Positive trade relations among countries are manifested by greater consumer choices, the creation of new jobs, and better pricing for products and raw material that are needed to keep industries alive. In a perfect world – where leaders always make the best decisions – multinational economies are symbiotic at best. On the other hand, taking a glimpse at recent Trump tariffs on aluminum, steel, Chinese goods, and washing machines, we learn that the imposition of taxes on imports and exports can turn into a looming nightmare for workers and traders.
A Background on Trump Politics
When Trump won the Presidential seat in 2016, his campaign was to “put America first” and “bring jobs back” to the homeland. How was he going to do this?
Economic analysts have described Trump politics as protectionist, semi-isolationist, and skeptical of free trade and immigration. Ultimately, the US under Trump is exhibiting bias against free trade agreements and offshore operations.
Trump policies are introducing a rift to existing trade relations. The intention is to empower American workers and consumers. Looking at recent Trump tariffs though, can we say that Trump is going the right direction?
Trade Wars with China
Trump recently announced tariffs of 25% on $50 billion worth of Chinese goods. This move has caused a burst of opinions, backfires, and projections for the American economy.
China is now being taxed more for exporting items that are commonly consumed or purchased by Americans.
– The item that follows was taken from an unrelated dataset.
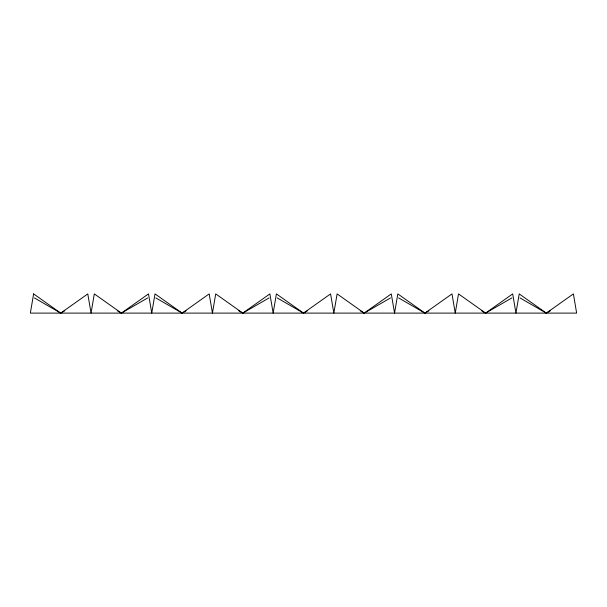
<?xml version="1.0" encoding="UTF-8"?>
<svg xmlns="http://www.w3.org/2000/svg" width="607" height="607" viewBox="0 0 607 607"><rect width="100%" height="100%" fill="white"/><g stroke="black" fill="none" stroke-linecap="round" stroke-linejoin="round"><path stroke-width="0.91" d="M64.805 310.738L60.7 313.106L34.417 297.931M147.683 297.931L121.4 313.106L117.295 310.738M186.083 310.807L182.1 313.106L155.817 297.931M269.083 297.931L242.8 313.106L238.695 310.738M307.605 310.738L303.5 313.106L277.217 297.931M390.483 297.931L364.2 313.106L360.217 310.807M428.883 310.807L424.9 313.106L398.617 297.931M511.883 297.931L485.6 313.106L481.495 310.738M550.405 310.738L546.3 313.106L520.017 297.931M33.613 293.894L30.35 313.106L576.65 313.106L573.387 293.894L546.3 313.106L519.213 293.894L515.95 313.106L512.687 293.894L485.6 313.106L458.513 293.894L455.25 313.106L451.987 293.894L424.9 313.106L397.813 293.894L394.55 313.106L391.287 293.894L364.2 313.106L337.113 293.894L333.85 313.106L330.587 293.894L303.5 313.106L276.413 293.894L273.15 313.106L269.887 293.894L242.8 313.106L215.713 293.894L212.45 313.106L209.187 293.894L182.1 313.106L155.013 293.894L151.75 313.106L148.487 293.894L121.4 313.106L94.313 293.894L91.05 313.106L87.787 293.894L60.7 313.106L33.613 293.894"/></g></svg>

These items include gadgets such as smartphones and washing machines. Trump’s goal is to push Americans to support American and brands and tip the competition against foreign countries.
The political philosophy is indeed isolationist and ignorant of potential backfires. China did respond and has now imposed tariffs on $50 billion worth of American goods, including meat products and cars. What a backfire!
Now that’s what we call a trade war.
Repercussions to consumers
It isn’t hard to see how taxation can change the selling price and the production costs of goods. A brief example to look at is the recent imposition of tariffs on steel. Factories that need imported steel would now have to acquire it in fewer quantities or more expensive prices, tipping the scale for worker’s wages and the price of the products once they hit market shelves. Foreign companies might also be more reluctant to create jobs in the US or import their products due to tariff.
Trump tariffs, on the surface, intend to empower Americans and “protect American jobs” while benefiting from the goods and tariffs paid by other countries. What the administration has been dismissive of, for the most part, is how other companies will respond and how this will affect the impression that the US is making in the global economy.
A Hope for Resolution
When fostering trade relations, the goal is to establish mutual benefit. Trade wars and collapsing economies are the least we expect. Before the downfall or crash of any market or industry, we have our fingers crossed that our leaders learn to make better decisions.